32.8: Princípios da Cromatografia em Coluna

A técnica de cromatografia foi inventada pela primeira vez em 1901 por Michael S. Tswett, um botânico russo, para separar pigmentos vegetais usando solventes orgânicos. Além disso, em 1941, Archer John Porter Martin e R. L. M. Synge modificaram a técnica embalando sílica gel em uma coluna. Uma mistura de aminoácidos foi então separada na coluna compactada usando clorofórmio e mistura de água como fase móvel. Este foi o primeiro relatório sobre cromatografia em coluna. Atualmente, a cromatografia em coluna é uma técnica amplamente utilizada para separar vários tipos de compostos de uma mistura de amostras.

Fatores que influenciam a separação eficiente de proteínas

Vários parâmetros, como material da coluna, embalagem e condições operacionais, como vazões e temperatura, determinam a eficiência da separação por cromatografia em coluna.

A escolha do material ou matriz da coluna determina a extensão da interação com a amostra. O material da matriz deve ser embalado de forma firme e uniforme na coluna. Bolhas de ar, detritos, partículas grandes e precipitados interferem no fluxo uniforme do solvente através da coluna, afetando sua eficiência de separação. A coluna deve também estar isenta de partículas.

A amostra injetada na coluna deve ser límpida e isenta de agregados que possam obstruir a coluna, dificultando o fluxo de solventes. A taxa de fluxo do solvente também afeta a separação. Taxas de fluxo muito altas ou muito baixas de solventes resultam em separação ineficiente de compostos e preparações impuras. Taxas muito altas também podem perturbar o empacotamento da coluna, afetando a eficiência do processo. Além disso, a composição do tampão de eluição também é um fator importante. Deve ser não corrosivo e compatível com a amostra e também com o material da coluna para evitar precipitação ou dissolução in situ.

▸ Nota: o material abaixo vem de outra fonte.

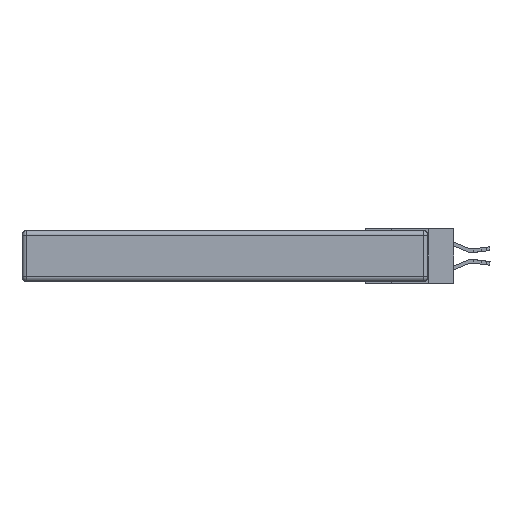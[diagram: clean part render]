
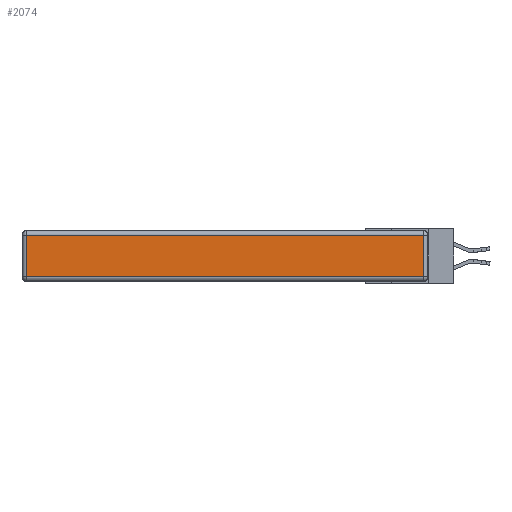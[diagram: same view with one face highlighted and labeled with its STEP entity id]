
A CAD part, left-side view. The second image highlights one B-rep face of the part: STEP entity #2074.
In plain terms, the highlighted planar face has unit normal (-1, 0, 0).
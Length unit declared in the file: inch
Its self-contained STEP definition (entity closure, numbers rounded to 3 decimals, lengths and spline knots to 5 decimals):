
#780 = ORIENTED_EDGE ( 'NONE', *, *, #3733, .T. ) ;
#1988 = VECTOR ( 'NONE', #9859, 39.37008 ) ;
#2062 = VERTEX_POINT ( 'NONE', #19215 ) ;
#2074 = ADVANCED_FACE ( 'NONE', ( #22217 ), #14147, .T. ) ;
#2563 = EDGE_CURVE ( 'NONE', #15710, #3788, #21916, .T. ) ;
#3733 = EDGE_CURVE ( 'NONE', #3788, #2062, #7664, .T. ) ;
#3788 = VERTEX_POINT ( 'NONE', #16910 ) ;
#4984 = AXIS2_PLACEMENT_3D ( 'NONE', #5141, #21346, #23022 ) ;
#5141 = CARTESIAN_POINT ( 'NONE',  ( 0., 0., -0.343 ) ) ;
#5945 = CARTESIAN_POINT ( 'NONE',  ( 0., 0.03, -0.343 ) ) ;
#6547 = VECTOR ( 'NONE', #18567, 39.37008 ) ;
#7373 = CARTESIAN_POINT ( 'NONE',  ( 0., 2.75, -0.03 ) ) ;
#7664 = LINE ( 'NONE', #7373, #18486 ) ;
#7787 = DIRECTION ( 'NONE',  ( 0., 0., 1. ) ) ;
#7823 = VERTEX_POINT ( 'NONE', #10541 ) ;
#7964 = LINE ( 'NONE', #18410, #6547 ) ;
#8590 = VECTOR ( 'NONE', #7787, 39.37008 ) ;
#9396 = LINE ( 'NONE', #15547, #1988 ) ;
#9859 = DIRECTION ( 'NONE',  ( 0., 0., -1. ) ) ;
#10541 = CARTESIAN_POINT ( 'NONE',  ( 0., 2.72, -0.313 ) ) ;
#13996 = ORIENTED_EDGE ( 'NONE', *, *, #14818, .T. ) ;
#14147 = PLANE ( 'NONE',  #4984 ) ;
#14818 = EDGE_CURVE ( 'NONE', #7823, #15710, #7964, .T. ) ;
#15480 = ORIENTED_EDGE ( 'NONE', *, *, #2563, .T. ) ;
#15547 = CARTESIAN_POINT ( 'NONE',  ( 0., 2.72, -0.343 ) ) ;
#15710 = VERTEX_POINT ( 'NONE', #19516 ) ;
#16745 = DIRECTION ( 'NONE',  ( 0., 1., 0. ) ) ;
#16910 = CARTESIAN_POINT ( 'NONE',  ( 0., 0.03, -0.03 ) ) ;
#17260 = EDGE_LOOP ( 'NONE', ( #13996, #15480, #780, #23034 ) ) ;
#18410 = CARTESIAN_POINT ( 'NONE',  ( 0., 0., -0.313 ) ) ;
#18486 = VECTOR ( 'NONE', #16745, 39.37008 ) ;
#18567 = DIRECTION ( 'NONE',  ( 0., -1., 0. ) ) ;
#19215 = CARTESIAN_POINT ( 'NONE',  ( 0., 2.72, -0.03 ) ) ;
#19516 = CARTESIAN_POINT ( 'NONE',  ( 0., 0.03, -0.313 ) ) ;
#21346 = DIRECTION ( 'NONE',  ( -1., 0., 0. ) ) ;
#21916 = LINE ( 'NONE', #5945, #8590 ) ;
#22184 = EDGE_CURVE ( 'NONE', #2062, #7823, #9396, .T. ) ;
#22217 = FACE_OUTER_BOUND ( 'NONE', #17260, .T. ) ;
#23022 = DIRECTION ( 'NONE',  ( 0., 0., 1. ) ) ;
#23034 = ORIENTED_EDGE ( 'NONE', *, *, #22184, .T. ) ;

Outro parâmetro operacional, a temperatura, também desempenha um papel importante no processo. Ele decide a estabilidade da amostra, material da coluna e tampão de solvente. Além disso, uma temperatura constante em toda a coluna resolve eficientemente os compostos. Após a conclusão do processo de separação, as colunas devem ser lavadas completamente, passando repetidamente um solvente adequado para evitar a contaminação da amostra em outras execuções. Ocasionalmente, o solvente é passado em uma coluna na direção inversa para remover qualquer material entupido.

Limitações

Embora seja uma técnica muito utilizada, o método ainda apresenta algumas limitações. É um método muito demorado, pois as taxas de fluxo precisam ser mais lentas para melhor resolução dos compostos. Além disso, grandes quantidades de solventes altamente puros necessários na fase móvel tornam o processo caro. Isso também aumenta o custo de aumento quando são necessários rendimentos mais altos de compostos puros.

A cromatografia em coluna é uma técnica bioquímica usada para separar compostos com base em suas propriedades físicas e químicas.

Tem dois componentes principais - a fase estacionária sólida ou a matriz e a fase móvel líquida ou o solvente.

A coluna embalada com matriz é carregada com uma amostra, como uma mistura de proteínas. O solvente é então usado para transportar a amostra através da coluna.

Dentro da coluna, a matriz atua como uma malha molecular filtrando as proteínas com base em seu tamanho ou interação com a matriz. As proteínas maiores tendem a viajar mais rápido do que as proteínas menores, resultando em uma separação baseada no tamanho.

Além disso, as proteínas em uma amostra podem interagir com a matriz. As interações fracas permitem que as proteínas passem rapidamente, enquanto as interações fortes retêm proteínas dentro da coluna.

Uma mudança gradual no pH ou força iônica do solvente altera as interações das proteínas com a matriz e ajuda a eluír as proteínas em frações separadas.